WORK TASK: Below are the entries to work from; restate word for word the portion that opens with the line containing "#123=CIRCLE('',#122,2.);" and closes with the line containing "#135=VERTEX_POINT('',#134);", keeping both.

TASK INPUT:

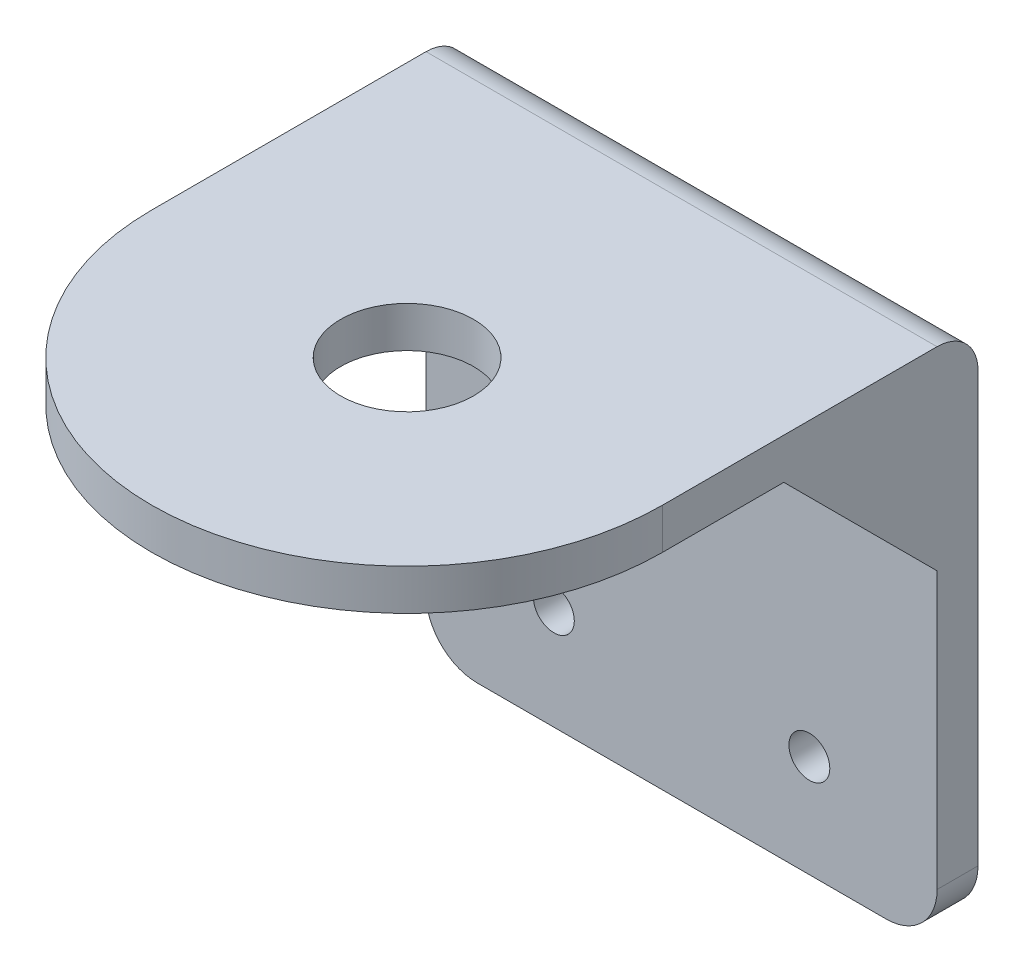
ISO-10303-21;
HEADER;
FILE_DESCRIPTION(('STEP AP214'),'2;1');
FILE_NAME('part.step','',(''),(''),'','','');
FILE_SCHEMA(('AUTOMOTIVE_DESIGN { 1 0 10303 214 1 1 1 1 }'));
ENDSEC;
DATA;
#1=APPLICATION_CONTEXT('core data for automotive mechanical design processes');
#2=APPLICATION_PROTOCOL_DEFINITION('international standard','automotive_design',2000,#1);
#3=PRODUCT_CONTEXT('',#1,'mechanical');
#4=PRODUCT('Part','Part','',(#3));
#5=PRODUCT_RELATED_PRODUCT_CATEGORY('part','',(#4));
#6=PRODUCT_DEFINITION_FORMATION('','',#4);
#7=PRODUCT_DEFINITION_CONTEXT('part definition',#1,'design');
#8=PRODUCT_DEFINITION('design','',#6,#7);
#9=PRODUCT_DEFINITION_SHAPE('','',#8);
#10=(LENGTH_UNIT() NAMED_UNIT(*) SI_UNIT(.MILLI.,.METRE.));
#11=(NAMED_UNIT(*) PLANE_ANGLE_UNIT() SI_UNIT($,.RADIAN.));
#12=(NAMED_UNIT(*) SI_UNIT($,.STERADIAN.) SOLID_ANGLE_UNIT());
#13=UNCERTAINTY_MEASURE_WITH_UNIT(LENGTH_MEASURE(1.E-05),#10,'distance_accuracy_value','');
#14=(GEOMETRIC_REPRESENTATION_CONTEXT(3) GLOBAL_UNCERTAINTY_ASSIGNED_CONTEXT((#13)) GLOBAL_UNIT_ASSIGNED_CONTEXT((#10,
#11,#12)) REPRESENTATION_CONTEXT('',''));
#15=CARTESIAN_POINT('',(0.,0.,0.));
#16=DIRECTION('',(0.,0.,1.));
#17=DIRECTION('',(1.,0.,0.));
#18=AXIS2_PLACEMENT_3D('',#15,#16,#17);
#19=CARTESIAN_POINT('',(20.,-29.9999999999998,-45.1373006168578));
#20=DIRECTION('',(0.,1.,0.));
#21=DIRECTION('',(-1.,0.,0.));
#22=AXIS2_PLACEMENT_3D('',#19,#20,#21);
#23=PLANE('',#22);
#24=CARTESIAN_POINT('',(0.,-30.0000000000001,26.8626993831422));
#25=DIRECTION('',(0.,-1.,0.));
#26=DIRECTION('',(1.,0.,0.));
#27=AXIS2_PLACEMENT_3D('',#24,#25,#26);
#28=CIRCLE('',#27,6.5);
#29=CARTESIAN_POINT('',(6.5,-30.0000000000001,26.8626993831422));
#30=VERTEX_POINT('',#29);
#31=EDGE_CURVE('E252',#30,#30,#28,.T.);
#32=ORIENTED_EDGE('',*,*,#31,.F.);
#33=EDGE_LOOP('',(#32));
#34=FACE_BOUND('',#33,.T.);
#35=DIRECTION('',(1.,0.,0.));
#36=VECTOR('',#35,1.);
#37=CARTESIAN_POINT('',(23.,-30.0000000000001,15.));
#38=LINE('',#37,#36);
#39=CARTESIAN_POINT('',(23.,-30.0000000000001,15.));
#40=VERTEX_POINT('',#39);
#41=CARTESIAN_POINT('',(25.,-30.0000000000001,15.));
#42=VERTEX_POINT('',#41);
#43=EDGE_CURVE('E592',#40,#42,#38,.T.);
#44=ORIENTED_EDGE('',*,*,#43,.T.);
#45=DIRECTION('',(0.,0.,1.));
#46=VECTOR('',#45,1.);
#47=CARTESIAN_POINT('',(25.,-29.9999999999998,-45.1373006168578));
#48=LINE('',#47,#46);
#49=CARTESIAN_POINT('',(25.,-30.0000000000001,26.8626993831422));
#50=VERTEX_POINT('',#49);
#51=EDGE_CURVE('E200',#42,#50,#48,.T.);
#52=ORIENTED_EDGE('',*,*,#51,.T.);
#53=CARTESIAN_POINT('',(0.,-30.0000000000001,26.8626993831422));
#54=DIRECTION('',(0.,-1.,0.));
#55=DIRECTION('',(1.,0.,0.));
#56=AXIS2_PLACEMENT_3D('',#53,#54,#55);
#57=CIRCLE('',#56,25.);
#58=CARTESIAN_POINT('',(-25.,-30.0000000000001,26.8626993831422));
#59=VERTEX_POINT('',#58);
#60=EDGE_CURVE('E202',#50,#59,#57,.T.);
#61=ORIENTED_EDGE('',*,*,#60,.T.);
#62=DIRECTION('',(0.,0.,-1.));
#63=VECTOR('',#62,1.);
#64=CARTESIAN_POINT('',(-25.,-29.9999999999998,-45.1373006168578));
#65=LINE('',#64,#63);
#66=CARTESIAN_POINT('',(-25.,-30.0000000000001,15.));
#67=VERTEX_POINT('',#66);
#68=EDGE_CURVE('E204',#59,#67,#65,.T.);
#69=ORIENTED_EDGE('',*,*,#68,.T.);
#70=DIRECTION('',(-1.,0.,0.));
#71=VECTOR('',#70,1.);
#72=CARTESIAN_POINT('',(-23.,-30.0000000000001,15.));
#73=LINE('',#72,#71);
#74=CARTESIAN_POINT('',(-23.,-30.0000000000001,15.));
#75=VERTEX_POINT('',#74);
#76=EDGE_CURVE('E244',#75,#67,#73,.T.);
#77=ORIENTED_EDGE('',*,*,#76,.F.);
#78=DIRECTION('',(0.,0.,-1.));
#79=VECTOR('',#78,1.);
#80=CARTESIAN_POINT('',(-23.,-30.,0.00999999999998638));
#81=LINE('',#80,#79);
#82=CARTESIAN_POINT('',(-23.,-30.,0.00999999999998638));
#83=VERTEX_POINT('',#82);
#84=EDGE_CURVE('E186',#75,#83,#81,.T.);
#85=ORIENTED_EDGE('',*,*,#84,.T.);
#86=DIRECTION('',(1.,0.,0.));
#87=VECTOR('',#86,1.);
#88=CARTESIAN_POINT('',(20.,-30.,0.00999999999997184));
#89=LINE('',#88,#87);
#90=CARTESIAN_POINT('',(23.,-30.,0.00999999999998638));
#91=VERTEX_POINT('',#90);
#92=EDGE_CURVE('E56',#83,#91,#89,.T.);
#93=ORIENTED_EDGE('',*,*,#92,.T.);
#94=DIRECTION('',(0.,0.,-1.));
#95=VECTOR('',#94,1.);
#96=CARTESIAN_POINT('',(23.,-30.,0.00999999999998638));
#97=LINE('',#96,#95);
#98=EDGE_CURVE('E160',#40,#91,#97,.T.);
#99=ORIENTED_EDGE('',*,*,#98,.F.);
#100=EDGE_LOOP('',(#44,#52,#61,#69,#77,#85,#93,#99));
#101=FACE_BOUND('',#100,.T.);
#102=ADVANCED_FACE('F46',(#34,#101),#23,.F.);
#103=CARTESIAN_POINT('',(20.,-72.,0.));
#104=DIRECTION('',(0.,0.,-1.));
#105=DIRECTION('',(-1.,0.,0.));
#106=AXIS2_PLACEMENT_3D('',#103,#104,#105);
#107=PLANE('',#106);
#108=CARTESIAN_POINT('',(-12.5,-67.,0.));
#109=DIRECTION('',(0.,0.,1.));
#110=DIRECTION('',(1.,0.,0.));
#111=AXIS2_PLACEMENT_3D('',#108,#109,#110);
#112=CIRCLE('',#111,2.);
#113=CARTESIAN_POINT('',(-10.5,-67.,0.));
#114=VERTEX_POINT('',#113);
#115=EDGE_CURVE('E296',#114,#114,#112,.T.);
#116=ORIENTED_EDGE('',*,*,#115,.F.);
#117=EDGE_LOOP('',(#116));
#118=FACE_BOUND('',#117,.T.);
#119=CARTESIAN_POINT('',(12.5,-67.,0.));
#120=DIRECTION('',(0.,0.,1.));
#121=DIRECTION('',(1.,0.,0.));
#122=AXIS2_PLACEMENT_3D('',#119,#120,#121);
#123=CIRCLE('',#122,2.);
#124=CARTESIAN_POINT('',(14.5,-67.,0.));
#125=VERTEX_POINT('',#124);
#126=EDGE_CURVE('E300',#125,#125,#123,.T.);
#127=ORIENTED_EDGE('',*,*,#126,.F.);
#128=EDGE_LOOP('',(#127));
#129=FACE_BOUND('',#128,.T.);
#130=DIRECTION('',(1.,0.,0.));
#131=VECTOR('',#130,1.);
#132=CARTESIAN_POINT('',(23.,-45.0000000000002,0.));
#133=LINE('',#132,#131);
#134=CARTESIAN_POINT('',(23.,-45.0000000000002,0.));
#135=VERTEX_POINT('',#134);
#136=CARTESIAN_POINT('',(25.,-45.0000000000002,0.));
#137=VERTEX_POINT('',#136);
#138=EDGE_CURVE('E594',#135,#137,#133,.T.);
#139=ORIENTED_EDGE('',*,*,#138,.F.);
#140=DIRECTION('',(0.,-1.,0.));
#141=VECTOR('',#140,1.);
#142=CARTESIAN_POINT('',(23.,-45.0000000000002,0.));
#143=LINE('',#142,#141);
#144=CARTESIAN_POINT('',(23.,-30.01,0.));
#145=VERTEX_POINT('',#144);
#146=EDGE_CURVE('E600',#145,#135,#143,.T.);
#147=ORIENTED_EDGE('',*,*,#146,.F.);
#148=DIRECTION('',(1.,0.,0.));
#149=VECTOR('',#148,1.);
#150=CARTESIAN_POINT('',(20.,-30.01,0.));
#151=LINE('',#150,#149);
#152=CARTESIAN_POINT('',(-23.,-30.01,0.));
#153=VERTEX_POINT('',#152);
#154=EDGE_CURVE('E179',#153,#145,#151,.T.);
#155=ORIENTED_EDGE('',*,*,#154,.F.);
#156=DIRECTION('',(0.,-1.,0.));
#157=VECTOR('',#156,1.);
#158=CARTESIAN_POINT('',(-23.,-45.0000000000002,0.));
#159=LINE('',#158,#157);
#160=CARTESIAN_POINT('',(-23.,-45.0000000000002,0.));
#161=VERTEX_POINT('',#160);
#162=EDGE_CURVE('E615',#153,#161,#159,.T.);
#163=ORIENTED_EDGE('',*,*,#162,.T.);
#164=DIRECTION('',(-1.,0.,0.));
#165=VECTOR('',#164,1.);
#166=CARTESIAN_POINT('',(-23.,-45.0000000000002,0.));
#167=LINE('',#166,#165);
#168=CARTESIAN_POINT('',(-25.,-45.0000000000002,0.));
#169=VERTEX_POINT('',#168);
#170=EDGE_CURVE('E622',#161,#169,#167,.T.);
#171=ORIENTED_EDGE('',*,*,#170,.T.);
#172=DIRECTION('',(0.,-1.,0.));
#173=VECTOR('',#172,1.);
#174=CARTESIAN_POINT('',(-25.,-72.,0.));
#175=LINE('',#174,#173);
#176=CARTESIAN_POINT('',(-25.,-72.,0.));
#177=VERTEX_POINT('',#176);
#178=EDGE_CURVE('E276',#169,#177,#175,.T.);
#179=ORIENTED_EDGE('',*,*,#178,.T.);
#180=CARTESIAN_POINT('',(-20.,-72.,0.));
#181=DIRECTION('',(0.,0.,1.));
#182=DIRECTION('',(1.,0.,0.));
#183=AXIS2_PLACEMENT_3D('',#180,#181,#182);
#184=CIRCLE('',#183,5.);
#185=CARTESIAN_POINT('',(-20.,-77.,0.));
#186=VERTEX_POINT('',#185);
#187=EDGE_CURVE('E272',#177,#186,#184,.T.);
#188=ORIENTED_EDGE('',*,*,#187,.T.);
#189=DIRECTION('',(1.,0.,0.));
#190=VECTOR('',#189,1.);
#191=CARTESIAN_POINT('',(-20.,-77.,0.));
#192=LINE('',#191,#190);
#193=CARTESIAN_POINT('',(20.,-77.,0.));
#194=VERTEX_POINT('',#193);
#195=EDGE_CURVE('E268',#186,#194,#192,.T.);
#196=ORIENTED_EDGE('',*,*,#195,.T.);
#197=CARTESIAN_POINT('',(20.,-72.,0.));
#198=DIRECTION('',(0.,0.,1.));
#199=DIRECTION('',(-1.,0.,0.));
#200=AXIS2_PLACEMENT_3D('',#197,#198,#199);
#201=CIRCLE('',#200,5.);
#202=CARTESIAN_POINT('',(25.,-72.,0.));
#203=VERTEX_POINT('',#202);
#204=EDGE_CURVE('E264',#194,#203,#201,.T.);
#205=ORIENTED_EDGE('',*,*,#204,.T.);
#206=DIRECTION('',(0.,1.,0.));
#207=VECTOR('',#206,1.);
#208=CARTESIAN_POINT('',(25.,-72.,0.));
#209=LINE('',#208,#207);
#210=EDGE_CURVE('E260',#203,#137,#209,.T.);
#211=ORIENTED_EDGE('',*,*,#210,.T.);
#212=EDGE_LOOP('',(#139,#147,#155,#163,#171,#179,#188,#196,#205,#211));
#213=FACE_BOUND('',#212,.T.);
#214=ADVANCED_FACE('F334',(#118,#129,#213),#107,.F.);
#215=CARTESIAN_POINT('',(-25.,-25.9999999999998,-45.1373006168578));
#216=DIRECTION('',(-1.,0.,0.));
#217=DIRECTION('',(0.,0.,-1.));
#218=AXIS2_PLACEMENT_3D('',#215,#216,#217);
#219=PLANE('',#218);
#220=DIRECTION('',(0.,-1.,0.));
#221=VECTOR('',#220,1.);
#222=CARTESIAN_POINT('',(-25.,-72.,-4.));
#223=LINE('',#222,#221);
#224=CARTESIAN_POINT('',(-25.,-30.01,-4.));
#225=VERTEX_POINT('',#224);
#226=CARTESIAN_POINT('',(-25.,-72.,-4.));
#227=VERTEX_POINT('',#226);
#228=EDGE_CURVE('E253',#225,#227,#223,.T.);
#229=ORIENTED_EDGE('',*,*,#228,.T.);
#230=DIRECTION('',(0.,0.,1.));
#231=VECTOR('',#230,1.);
#232=CARTESIAN_POINT('',(-25.,-72.,-4.));
#233=LINE('',#232,#231);
#234=EDGE_CURVE('E248',#227,#177,#233,.T.);
#235=ORIENTED_EDGE('',*,*,#234,.T.);
#236=ORIENTED_EDGE('',*,*,#178,.F.);
#237=DIRECTION('',(0.,0.707106781186551,0.707106781186544));
#238=VECTOR('',#237,1.);
#239=CARTESIAN_POINT('',(-25.,-30.0000000000001,15.));
#240=LINE('',#239,#238);
#241=EDGE_CURVE('E607',#169,#67,#240,.T.);
#242=ORIENTED_EDGE('',*,*,#241,.T.);
#243=ORIENTED_EDGE('',*,*,#68,.F.);
#244=DIRECTION('',(0.,-1.,0.));
#245=VECTOR('',#244,1.);
#246=CARTESIAN_POINT('',(-25.,-26.0000000000001,26.8626993831422));
#247=LINE('',#246,#245);
#248=CARTESIAN_POINT('',(-25.,-26.0000000000001,26.8626993831422));
#249=VERTEX_POINT('',#248);
#250=EDGE_CURVE('E218',#249,#59,#247,.T.);
#251=ORIENTED_EDGE('',*,*,#250,.F.);
#252=DIRECTION('',(0.,0.,-1.));
#253=VECTOR('',#252,1.);
#254=CARTESIAN_POINT('',(-25.,-25.9999999999998,-45.1373006168578));
#255=LINE('',#254,#253);
#256=CARTESIAN_POINT('',(-25.,-26.,0.0100000000000135));
#257=VERTEX_POINT('',#256);
#258=EDGE_CURVE('E195',#249,#257,#255,.T.);
#259=ORIENTED_EDGE('',*,*,#258,.T.);
#260=CARTESIAN_POINT('',(-25.,-30.01,0.00999999999999959));
#261=DIRECTION('',(1.,0.,0.));
#262=DIRECTION('',(0.,0.,1.));
#263=AXIS2_PLACEMENT_3D('',#260,#261,#262);
#264=CIRCLE('',#263,4.01);
#265=EDGE_CURVE('E233',#225,#257,#264,.T.);
#266=ORIENTED_EDGE('',*,*,#265,.F.);
#267=EDGE_LOOP('',(#229,#235,#236,#242,#243,#251,#259,#266));
#268=FACE_BOUND('',#267,.T.);
#269=ADVANCED_FACE('F48',(#268),#219,.T.);
#270=CARTESIAN_POINT('',(0.,-26.0000000000001,26.8626993831422));
#271=DIRECTION('',(0.,-1.,0.));
#272=DIRECTION('',(1.,0.,0.));
#273=AXIS2_PLACEMENT_3D('',#270,#271,#272);
#274=CYLINDRICAL_SURFACE('',#273,25.);
#275=ORIENTED_EDGE('',*,*,#60,.F.);
#276=DIRECTION('',(0.,-1.,0.));
#277=VECTOR('',#276,1.);
#278=CARTESIAN_POINT('',(25.,-26.0000000000001,26.8626993831422));
#279=LINE('',#278,#277);
#280=CARTESIAN_POINT('',(25.,-26.0000000000001,26.8626993831422));
#281=VERTEX_POINT('',#280);
#282=EDGE_CURVE('E198',#281,#50,#279,.T.);
#283=ORIENTED_EDGE('',*,*,#282,.F.);
#284=CARTESIAN_POINT('',(0.,-26.0000000000001,26.8626993831422));
#285=DIRECTION('',(0.,-1.,0.));
#286=DIRECTION('',(1.,0.,0.));
#287=AXIS2_PLACEMENT_3D('',#284,#285,#286);
#288=CIRCLE('',#287,25.);
#289=EDGE_CURVE('E199',#281,#249,#288,.T.);
#290=ORIENTED_EDGE('',*,*,#289,.T.);
#291=ORIENTED_EDGE('',*,*,#250,.T.);
#292=EDGE_LOOP('',(#275,#283,#290,#291));
#293=FACE_BOUND('',#292,.T.);
#294=ADVANCED_FACE('F344',(#293),#274,.T.);
#295=CARTESIAN_POINT('',(25.,-25.9999999999998,-45.1373006168578));
#296=DIRECTION('',(1.,0.,0.));
#297=DIRECTION('',(0.,0.,1.));
#298=AXIS2_PLACEMENT_3D('',#295,#296,#297);
#299=PLANE('',#298);
#300=DIRECTION('',(0.,0.,1.));
#301=VECTOR('',#300,1.);
#302=CARTESIAN_POINT('',(25.,-25.9999999999998,-45.1373006168578));
#303=LINE('',#302,#301);
#304=CARTESIAN_POINT('',(25.,-26.,0.0100000000000091));
#305=VERTEX_POINT('',#304);
#306=EDGE_CURVE('E50',#305,#281,#303,.T.);
#307=ORIENTED_EDGE('',*,*,#306,.T.);
#308=ORIENTED_EDGE('',*,*,#282,.T.);
#309=ORIENTED_EDGE('',*,*,#51,.F.);
#310=DIRECTION('',(0.,0.707106781186551,0.707106781186544));
#311=VECTOR('',#310,1.);
#312=CARTESIAN_POINT('',(25.,-30.0000000000001,15.));
#313=LINE('',#312,#311);
#314=EDGE_CURVE('E181',#137,#42,#313,.T.);
#315=ORIENTED_EDGE('',*,*,#314,.F.);
#316=ORIENTED_EDGE('',*,*,#210,.F.);
#317=DIRECTION('',(0.,0.,1.));
#318=VECTOR('',#317,1.);
#319=CARTESIAN_POINT('',(25.,-72.,-4.));
#320=LINE('',#319,#318);
#321=CARTESIAN_POINT('',(25.,-72.,-4.));
#322=VERTEX_POINT('',#321);
#323=EDGE_CURVE('E304',#322,#203,#320,.T.);
#324=ORIENTED_EDGE('',*,*,#323,.F.);
#325=DIRECTION('',(0.,1.,0.));
#326=VECTOR('',#325,1.);
#327=CARTESIAN_POINT('',(25.,-72.,-4.));
#328=LINE('',#327,#326);
#329=CARTESIAN_POINT('',(25.,-30.01,-4.));
#330=VERTEX_POINT('',#329);
#331=EDGE_CURVE('E281',#322,#330,#328,.T.);
#332=ORIENTED_EDGE('',*,*,#331,.T.);
#333=CARTESIAN_POINT('',(25.,-30.01,0.00999999999999959));
#334=DIRECTION('',(-1.,0.,0.));
#335=DIRECTION('',(0.,0.,-1.));
#336=AXIS2_PLACEMENT_3D('',#333,#334,#335);
#337=CIRCLE('',#336,4.01);
#338=EDGE_CURVE('E231',#305,#330,#337,.T.);
#339=ORIENTED_EDGE('',*,*,#338,.F.);
#340=EDGE_LOOP('',(#307,#308,#309,#315,#316,#324,#332,#339));
#341=FACE_BOUND('',#340,.T.);
#342=ADVANCED_FACE('F235',(#341),#299,.T.);
#343=CARTESIAN_POINT('',(20.,-25.9999999999998,-45.1373006168578));
#344=DIRECTION('',(0.,1.,0.));
#345=DIRECTION('',(-1.,0.,0.));
#346=AXIS2_PLACEMENT_3D('',#343,#344,#345);
#347=PLANE('',#346);
#348=DIRECTION('',(1.,0.,0.));
#349=VECTOR('',#348,1.);
#350=CARTESIAN_POINT('',(20.,-26.,0.0100000000000135));
#351=LINE('',#350,#349);
#352=EDGE_CURVE('E68',#257,#305,#351,.T.);
#353=ORIENTED_EDGE('',*,*,#352,.F.);
#354=ORIENTED_EDGE('',*,*,#258,.F.);
#355=ORIENTED_EDGE('',*,*,#289,.F.);
#356=ORIENTED_EDGE('',*,*,#306,.F.);
#357=EDGE_LOOP('',(#353,#354,#355,#356));
#358=FACE_BOUND('',#357,.T.);
#359=CARTESIAN_POINT('',(0.,-26.0000000000001,26.8626993831422));
#360=DIRECTION('',(0.,-1.,0.));
#361=DIRECTION('',(1.,0.,0.));
#362=AXIS2_PLACEMENT_3D('',#359,#360,#361);
#363=CIRCLE('',#362,6.5);
#364=CARTESIAN_POINT('',(6.5,-26.0000000000001,26.8626993831422));
#365=VERTEX_POINT('',#364);
#366=EDGE_CURVE('E203',#365,#365,#363,.T.);
#367=ORIENTED_EDGE('',*,*,#366,.T.);
#368=EDGE_LOOP('',(#367));
#369=FACE_BOUND('',#368,.T.);
#370=ADVANCED_FACE('F343',(#358,#369),#347,.T.);
#371=CARTESIAN_POINT('',(0.,-26.0000000000001,26.8626993831422));
#372=DIRECTION('',(0.,-1.,0.));
#373=DIRECTION('',(1.,0.,0.));
#374=AXIS2_PLACEMENT_3D('',#371,#372,#373);
#375=CYLINDRICAL_SURFACE('',#374,6.5);
#376=ORIENTED_EDGE('',*,*,#366,.F.);
#377=EDGE_LOOP('',(#376));
#378=FACE_BOUND('',#377,.T.);
#379=ORIENTED_EDGE('',*,*,#31,.T.);
#380=EDGE_LOOP('',(#379));
#381=FACE_BOUND('',#380,.T.);
#382=ADVANCED_FACE('F331',(#378,#381),#375,.F.);
#383=CARTESIAN_POINT('',(-20.,-72.,-4.));
#384=DIRECTION('',(0.,0.,1.));
#385=DIRECTION('',(1.,0.,0.));
#386=AXIS2_PLACEMENT_3D('',#383,#384,#385);
#387=CYLINDRICAL_SURFACE('',#386,5.);
#388=ORIENTED_EDGE('',*,*,#187,.F.);
#389=ORIENTED_EDGE('',*,*,#234,.F.);
#390=CARTESIAN_POINT('',(-20.,-72.,-4.));
#391=DIRECTION('',(0.,0.,1.));
#392=DIRECTION('',(1.,0.,0.));
#393=AXIS2_PLACEMENT_3D('',#390,#391,#392);
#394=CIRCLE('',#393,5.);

SOLUTION FOR THIS EXERCISE:
#123=CIRCLE('',#122,2.);
#124=CARTESIAN_POINT('',(14.5,-67.,0.));
#125=VERTEX_POINT('',#124);
#126=EDGE_CURVE('E300',#125,#125,#123,.T.);
#127=ORIENTED_EDGE('',*,*,#126,.F.);
#128=EDGE_LOOP('',(#127));
#129=FACE_BOUND('',#128,.T.);
#130=DIRECTION('',(1.,0.,0.));
#131=VECTOR('',#130,1.);
#132=CARTESIAN_POINT('',(23.,-45.0000000000002,0.));
#133=LINE('',#132,#131);
#134=CARTESIAN_POINT('',(23.,-45.0000000000002,0.));
#135=VERTEX_POINT('',#134);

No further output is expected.